The idea for a great wall of solar panels to mitigate yellow dust storms in China has been proposed (Pui et al. 2014) as a regional–synoptic-scale engineering project. The proposal is to build windbreaks equipped with solar panels near the dust source areas: the solar panels would generate electricity on sunny days while the walls would provide windbreaks and remove airborne dusts during wind storms. Preliminary calculations indicate the walls would be capable of removing a large fraction of the airborne dusts and the amount of generated electricity could be significant. More detailed studies are needed to prove the feasibility of this approach.

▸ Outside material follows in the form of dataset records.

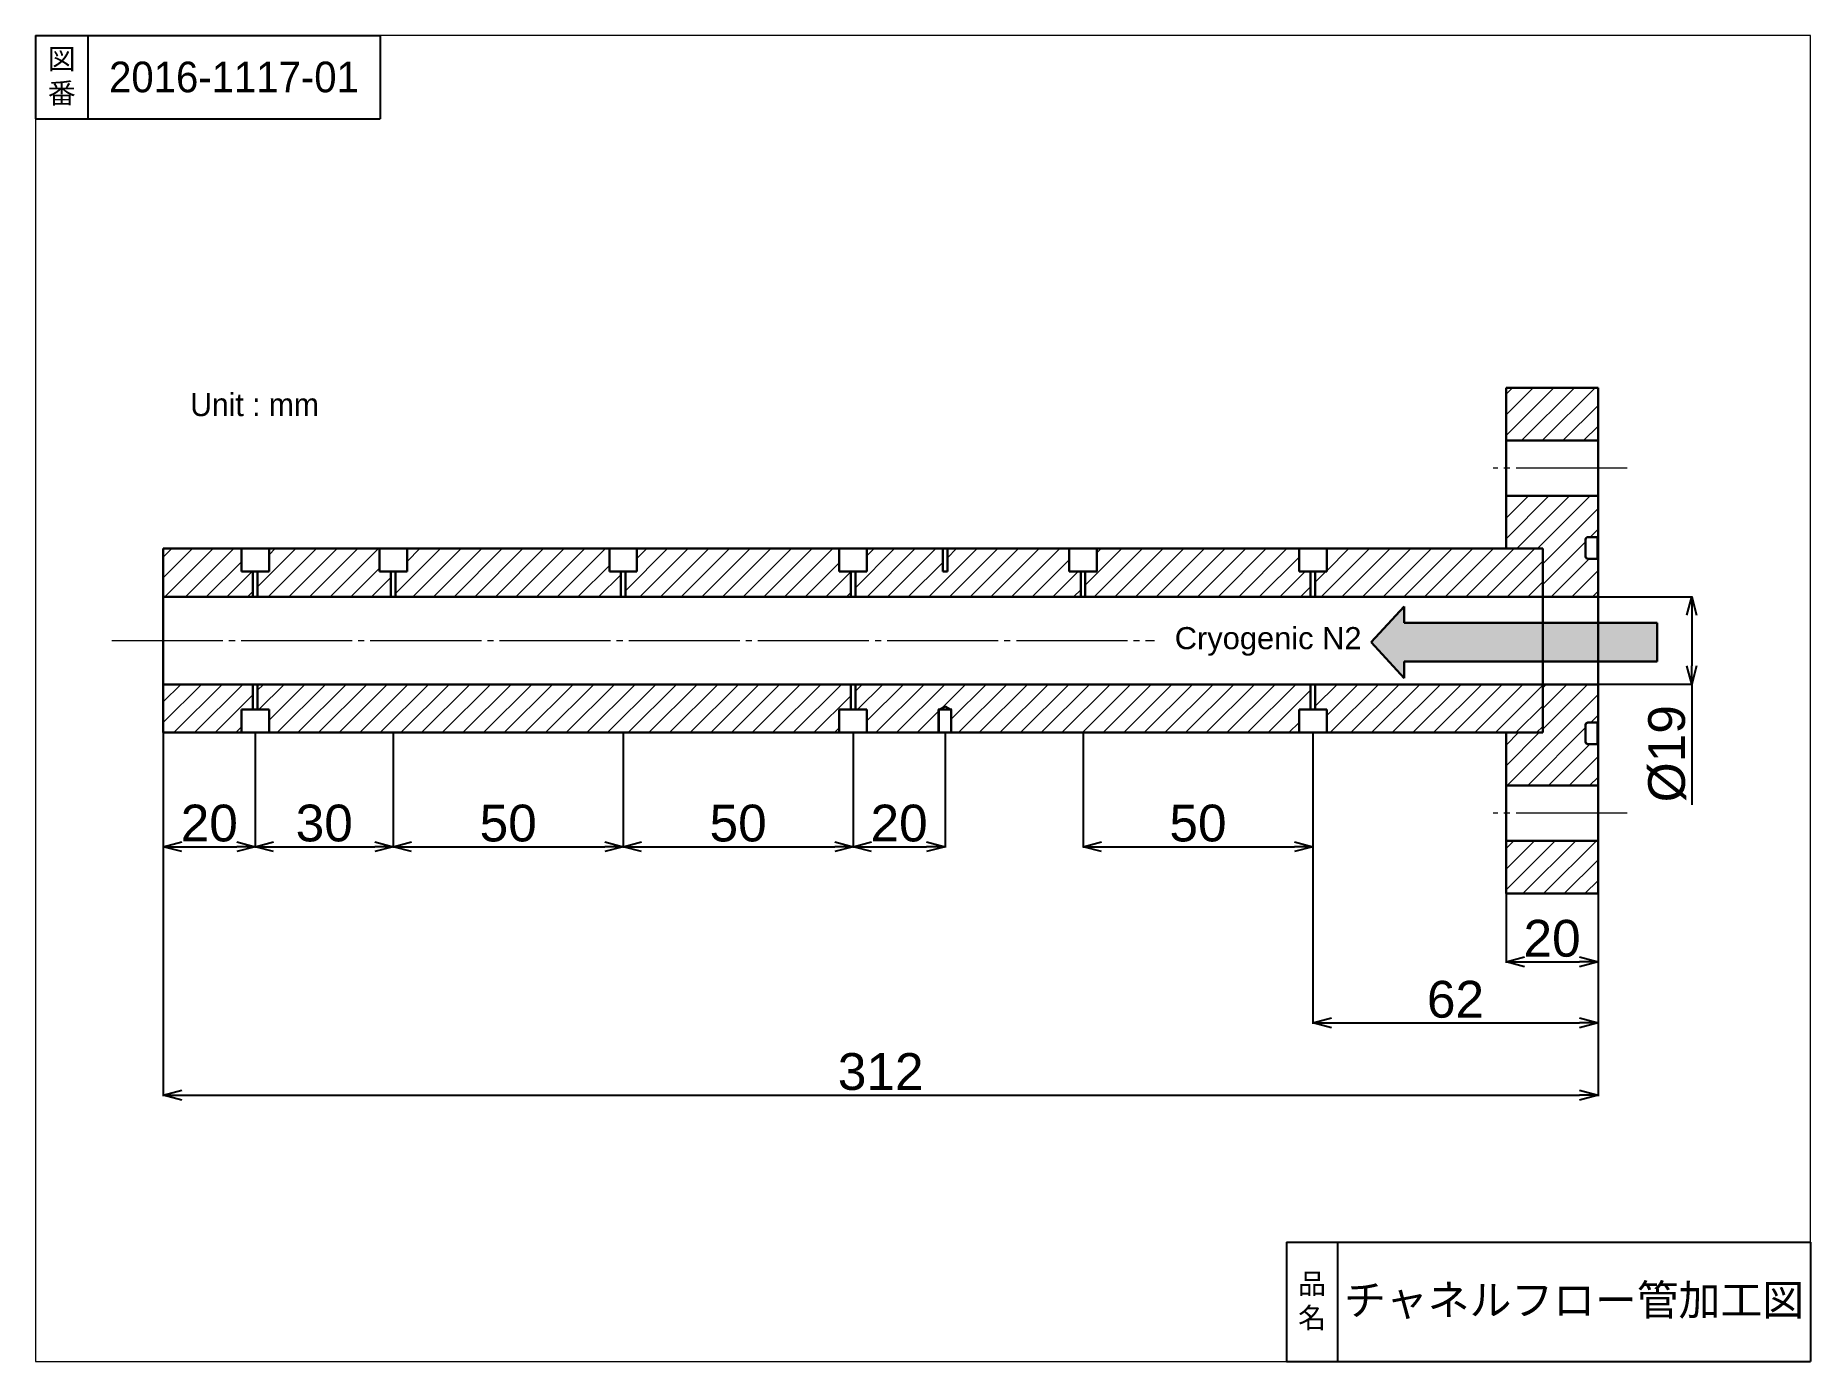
# Paper-space layout '배치1' of a CAD drawing. Header units: millimetres. Extents: x -37 to 223, y 0 to 195.
# The model-space entities are those that its viewports show. They can reach past a viewport. Long polylines and large blocks are cut down to what shows.
import ezdxf

# ---------------------------------------------------------------- set-up
doc = ezdxf.new("R2010")
doc.units = ezdxf.units.MM
doc.linetypes.add('JIS_08_11', pattern=[12.8, 11, -0.6, 0.6, -0.6])
for name, color, linetype, lineweight in [('ACR Hatch', 7, 'Continuous', 13), ('ACR_BODY OUTER', 7, 'Continuous', 30), ('ACR_CENTER', 7, 'JIS_08_11', 13), ('ACR_Dim', 7, 'Continuous', 13), ('CHAN BODY inner', 7, 'Continuous', 13), ('CHAN BODY OUTER', 7, 'Continuous', 30), ('CHAN Center', 7, 'JIS_08_11', 13), ('CHAN Dim', 7, 'Continuous', 30), ('MainC BODY OUTER', 7, 'Continuous', 30), ('MainC Dim', 7, 'Continuous', 30), ('MainC Hatch', 7, 'Continuous', 13), ('SUS_BODY OUTER', 7, 'Continuous', 30), ('SUS_Dim', 7, 'Continuous', 13)]:
    doc.layers.add(name, color=color, linetype=linetype, lineweight=lineweight)
doc.styles.add('JIS Mechanical', font='arial.ttf', dxfattribs={"height": 8})
doc.styles.get("Standard").update_dxf_attribs({"font": 'arial.ttf'})
doc.dimstyles.new('JIS Mechanical', dxfattribs={"dimtxt": 8, "dimasz": 4, "dimexe": 0.18, "dimexo": 0, "dimgap": 1, "dimtad": 1, "dimdec": 4, "dimdsep": 46, "dimtxsty": 'Standard', "dimblk": 'OPEN30', "dimcen": 0.09, "dimadec": 0, "dimazin": 2, "dimtfac": 1, "dimtdec": 4, "dimtmove": 0, "dimatfit": 3, "dimfxl": 1, "dimtolj": 1, "dimtzin": 0, "dimarcsym": 0})

# ---------------------------------------------------------------- blocks, each defined once
blk = doc.blocks.new('*T16')
at = {"layer": 'SUS_Dim', "color": 0, "linetype": 'ByBlock', "lineweight": -2, "transparency": 16777216}
for p, q in [((0, 0), (76.9, 0)), ((0, 0), (0, -17.51)), ((7.5, 0), (7.5, -17.51)), ((76.9, 0), (76.9, -17.51)), ((0, -17.51), (76.9, -17.51))]:
    blk.add_line(p, q, dxfattribs=at)
at = {"layer": 'SUS_Dim', "color": 0, "transparency": 16777216, "attachment_point": 5}
for s, insert, char_height, width in [('{\\fMS PGothic|b0|i0|c128|p50;品名}', (3.75, -8.75), 3, 4.5), ('{\\fMS PGothic|b0|i0|c128|p50;チャネルフロー管加工図}', (42.2, -8.75), 4.5, 66.4032)]:
    blk.add_mtext(s, dxfattribs=dict(at, insert=insert, char_height=char_height, width=width))
blk = doc.blocks.new('*T28')
at = {"layer": 'SUS_Dim', "color": 0, "linetype": 'ByBlock', "lineweight": -2, "transparency": 16777216}
for p, q in [((0, 0), (50.58, 0)), ((0, 0), (0, -12.21)), ((7.69, 0), (7.69, -12.21)), ((50.58, 0), (50.58, -12.21)), ((0, -12.21), (50.58, -12.21))]:
    blk.add_line(p, q, dxfattribs=at)
at = {"layer": 'SUS_Dim', "color": 0, "transparency": 16777216, "attachment_point": 5}
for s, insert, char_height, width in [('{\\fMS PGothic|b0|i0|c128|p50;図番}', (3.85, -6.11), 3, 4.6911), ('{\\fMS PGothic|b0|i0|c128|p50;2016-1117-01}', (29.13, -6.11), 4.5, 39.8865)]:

3.4 Continent–Hemisphere-Scale Aerosol Engineering

Geo-engineering projects involving stratospheric sulfate aerosols have been proposed as a way to limit the effects and impacts of climate change due to the rising levels of radiatively active gases (Launder and Thompson 2008). The ability of stratospheric sulfate aerosols to cause a global dimming effect has made them a candidate for engineering projects designed to alleviate global warming (Crutzen 2006). The delivery of precursor sulfide gases, such as sulfuric acid, hydrogen sulfide, or sulfur dioxide, to the desired location could be accomplished through the use of artillery, aircraft, or balloons (Rasch et al., 2008). Some advantages of this possible remedy to global warming are (1) the effects would be rapid, (2) the implementation costs would be low, and (3) the changes would be reversible. According to some preliminary estimates, one kilogram of well-placed sulfur in the stratosphere could offset the warming caused by several hundred thousand kilograms of carbon dioxide.

4 Future Perspectives

Studies over the past hundred years have shown that aerosols play complex and important roles in earth systems, and yet fundamental research on their physical, chemical and biological properties is still needed to solve the important global challenges of air pollution, regional haze, global climate change, etc. At the same time, aerosol engineering innovations are being developed to keep pace with the scientific research and to tackle these emerging problems on a variety of spatial scales. Thus, both aerosol science and engineering will lead to a better understanding of aerosols in the context of Earth systems and how they can be involved in the sustainable development of our planet.